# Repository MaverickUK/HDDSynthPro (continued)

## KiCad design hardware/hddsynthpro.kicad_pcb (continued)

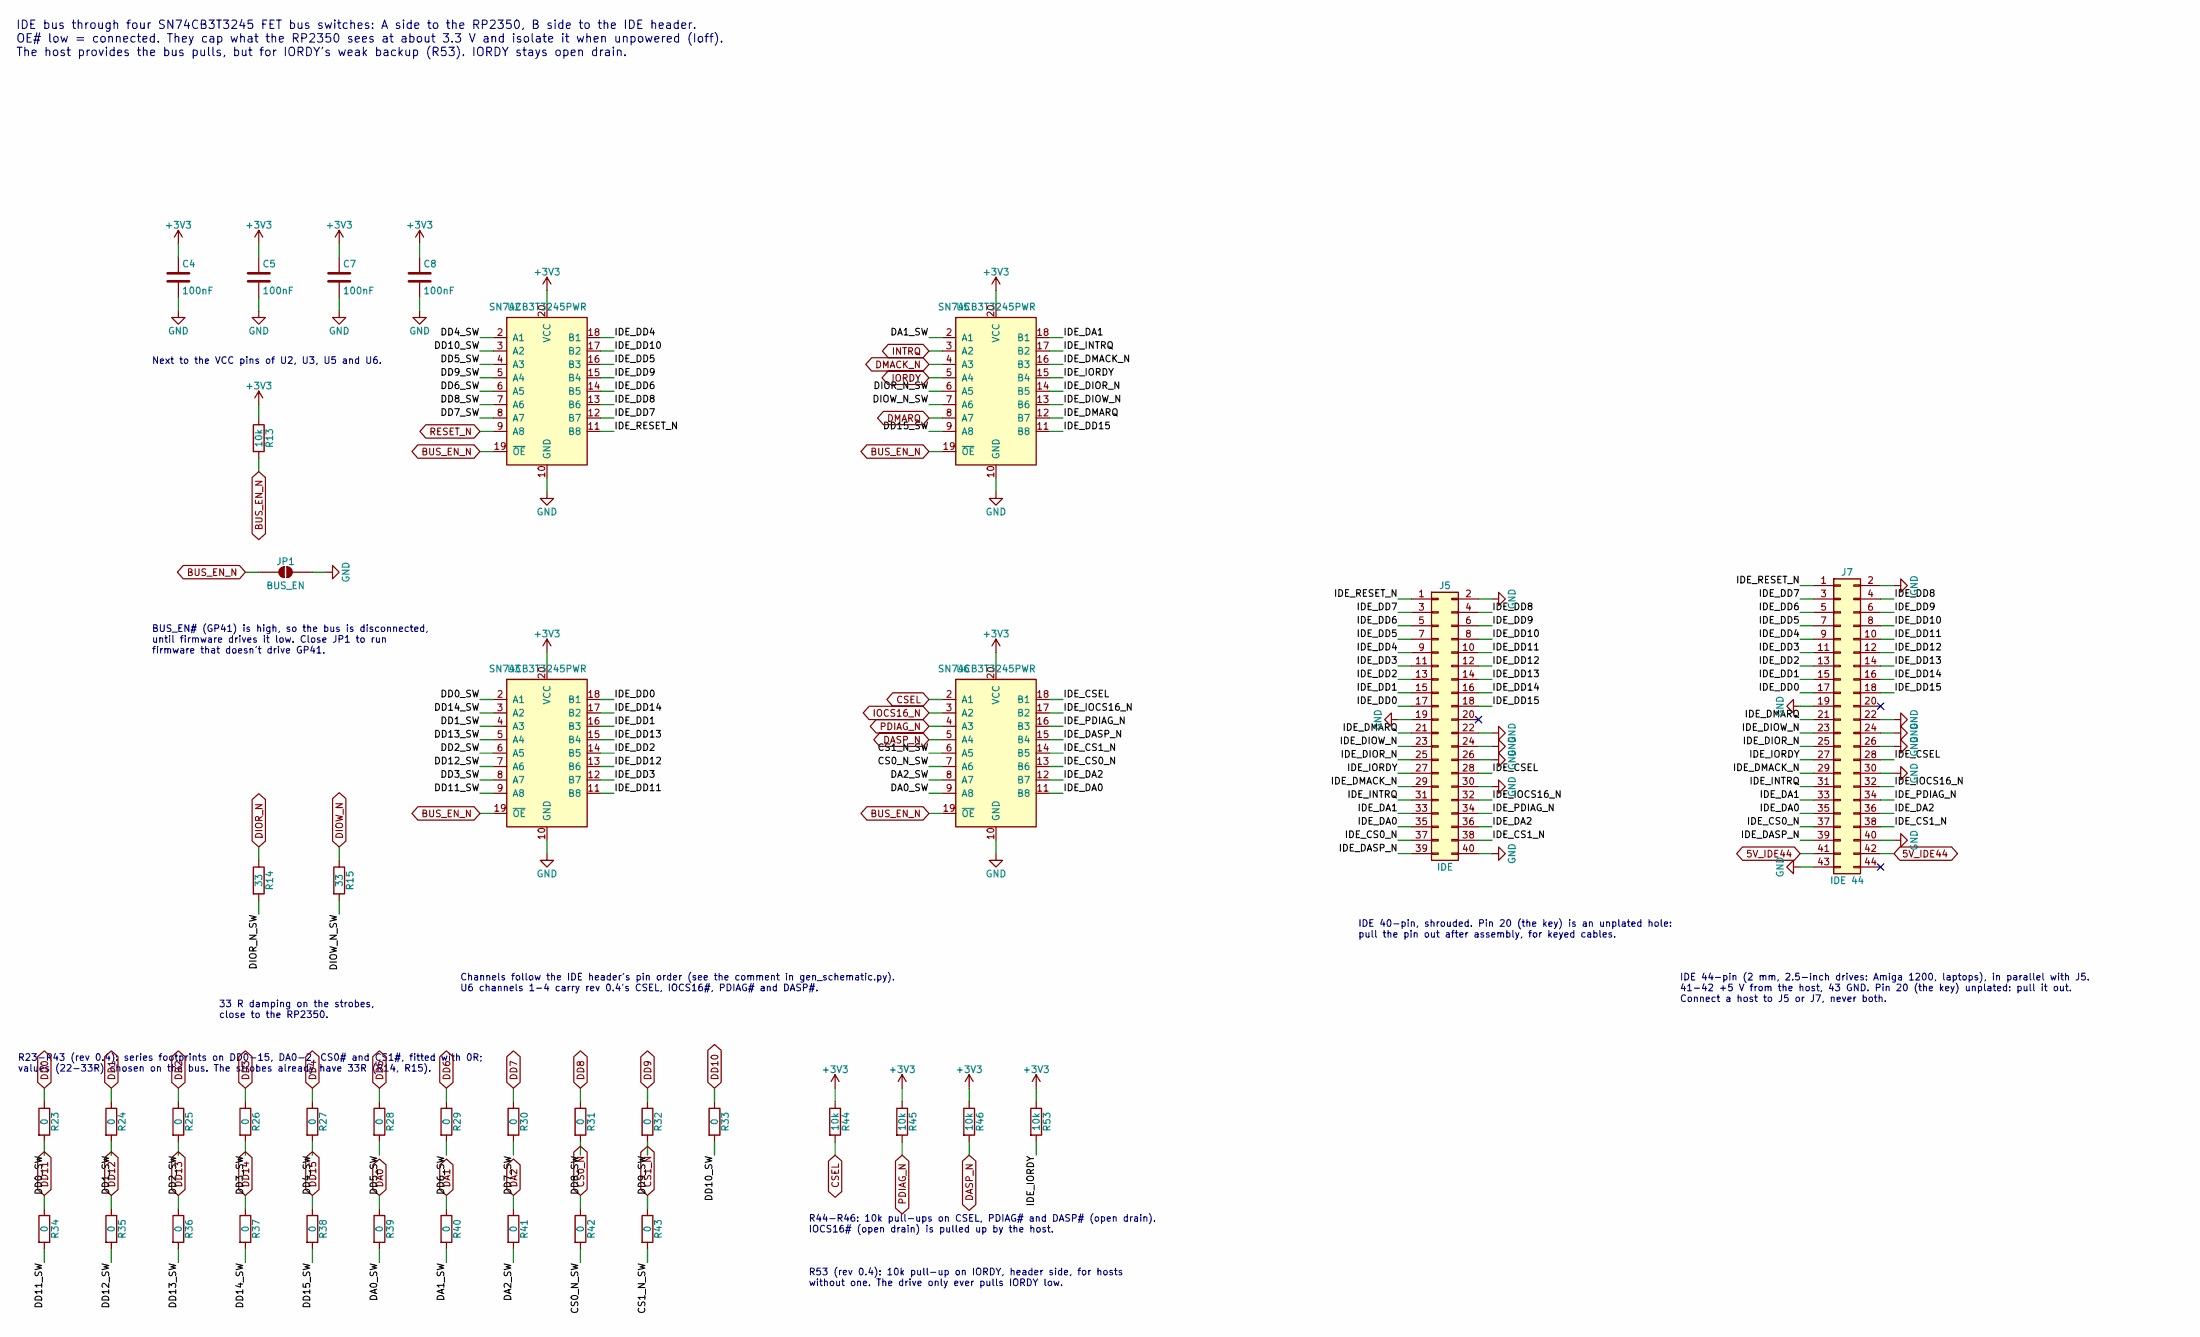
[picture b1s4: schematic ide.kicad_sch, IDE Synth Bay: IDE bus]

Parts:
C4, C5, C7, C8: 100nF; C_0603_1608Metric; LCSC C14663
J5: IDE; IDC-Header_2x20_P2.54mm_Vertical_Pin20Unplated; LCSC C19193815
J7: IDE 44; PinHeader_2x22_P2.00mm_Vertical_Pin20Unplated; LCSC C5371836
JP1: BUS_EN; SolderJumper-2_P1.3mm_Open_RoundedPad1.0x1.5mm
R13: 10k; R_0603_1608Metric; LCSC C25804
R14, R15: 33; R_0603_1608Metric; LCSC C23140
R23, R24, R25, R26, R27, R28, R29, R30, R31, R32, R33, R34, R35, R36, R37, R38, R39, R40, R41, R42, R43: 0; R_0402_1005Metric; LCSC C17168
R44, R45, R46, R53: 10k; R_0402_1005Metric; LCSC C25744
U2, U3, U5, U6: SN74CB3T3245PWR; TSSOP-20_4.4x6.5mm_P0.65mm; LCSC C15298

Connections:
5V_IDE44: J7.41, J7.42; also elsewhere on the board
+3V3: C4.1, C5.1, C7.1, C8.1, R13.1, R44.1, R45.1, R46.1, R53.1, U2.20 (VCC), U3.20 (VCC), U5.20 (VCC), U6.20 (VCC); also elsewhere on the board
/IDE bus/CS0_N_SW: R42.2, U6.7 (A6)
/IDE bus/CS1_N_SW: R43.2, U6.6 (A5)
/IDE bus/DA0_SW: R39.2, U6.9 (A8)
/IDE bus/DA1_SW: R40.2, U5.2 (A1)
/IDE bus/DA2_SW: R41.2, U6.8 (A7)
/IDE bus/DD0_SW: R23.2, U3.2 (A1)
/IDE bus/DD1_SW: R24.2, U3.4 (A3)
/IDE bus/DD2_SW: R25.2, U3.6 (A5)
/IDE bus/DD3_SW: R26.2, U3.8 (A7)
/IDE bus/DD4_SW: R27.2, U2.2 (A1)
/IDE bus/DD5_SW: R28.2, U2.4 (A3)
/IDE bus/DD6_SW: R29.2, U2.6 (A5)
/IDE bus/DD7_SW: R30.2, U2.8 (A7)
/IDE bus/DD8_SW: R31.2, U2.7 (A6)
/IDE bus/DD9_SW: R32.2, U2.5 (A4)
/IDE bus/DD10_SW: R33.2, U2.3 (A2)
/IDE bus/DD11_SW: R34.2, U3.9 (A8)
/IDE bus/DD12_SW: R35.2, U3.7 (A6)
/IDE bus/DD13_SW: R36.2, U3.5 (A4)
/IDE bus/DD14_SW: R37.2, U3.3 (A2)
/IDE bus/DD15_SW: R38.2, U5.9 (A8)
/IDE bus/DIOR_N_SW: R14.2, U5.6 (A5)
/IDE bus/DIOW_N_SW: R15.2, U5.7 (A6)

Problem description
Repeat the entries exactly and keep the pictures out of the copy.

Answer box
# Repository MaverickUK/HDDSynthPro (continued)

## KiCad design hardware/hddsynthpro.kicad_pcb (continued)

[picture b1s4: schematic ide.kicad_sch, IDE Synth Bay: IDE bus]

Parts:
C4, C5, C7, C8: 100nF; C_0603_1608Metric; LCSC C14663
J5: IDE; IDC-Header_2x20_P2.54mm_Vertical_Pin20Unplated; LCSC C19193815
J7: IDE 44; PinHeader_2x22_P2.00mm_Vertical_Pin20Unplated; LCSC C5371836
JP1: BUS_EN; SolderJumper-2_P1.3mm_Open_RoundedPad1.0x1.5mm
R13: 10k; R_0603_1608Metric; LCSC C25804
R14, R15: 33; R_0603_1608Metric; LCSC C23140
R23, R24, R25, R26, R27, R28, R29, R30, R31, R32, R33, R34, R35, R36, R37, R38, R39, R40, R41, R42, R43: 0; R_0402_1005Metric; LCSC C17168
R44, R45, R46, R53: 10k; R_0402_1005Metric; LCSC C25744
U2, U3, U5, U6: SN74CB3T3245PWR; TSSOP-20_4.4x6.5mm_P0.65mm; LCSC C15298

Connections:
5V_IDE44: J7.41, J7.42; also elsewhere on the board
+3V3: C4.1, C5.1, C7.1, C8.1, R13.1, R44.1, R45.1, R46.1, R53.1, U2.20 (VCC), U3.20 (VCC), U5.20 (VCC), U6.20 (VCC); also elsewhere on the board
/IDE bus/CS0_N_SW: R42.2, U6.7 (A6)
/IDE bus/CS1_N_SW: R43.2, U6.6 (A5)
/IDE bus/DA0_SW: R39.2, U6.9 (A8)
/IDE bus/DA1_SW: R40.2, U5.2 (A1)
/IDE bus/DA2_SW: R41.2, U6.8 (A7)
/IDE bus/DD0_SW: R23.2, U3.2 (A1)
/IDE bus/DD1_SW: R24.2, U3.4 (A3)
/IDE bus/DD2_SW: R25.2, U3.6 (A5)
/IDE bus/DD3_SW: R26.2, U3.8 (A7)
/IDE bus/DD4_SW: R27.2, U2.2 (A1)
/IDE bus/DD5_SW: R28.2, U2.4 (A3)
/IDE bus/DD6_SW: R29.2, U2.6 (A5)
/IDE bus/DD7_SW: R30.2, U2.8 (A7)
/IDE bus/DD8_SW: R31.2, U2.7 (A6)
/IDE bus/DD9_SW: R32.2, U2.5 (A4)
/IDE bus/DD10_SW: R33.2, U2.3 (A2)
/IDE bus/DD11_SW: R34.2, U3.9 (A8)
/IDE bus/DD12_SW: R35.2, U3.7 (A6)
/IDE bus/DD13_SW: R36.2, U3.5 (A4)
/IDE bus/DD14_SW: R37.2, U3.3 (A2)
/IDE bus/DD15_SW: R38.2, U5.9 (A8)
/IDE bus/DIOR_N_SW: R14.2, U5.6 (A5)
/IDE bus/DIOW_N_SW: R15.2, U5.7 (A6)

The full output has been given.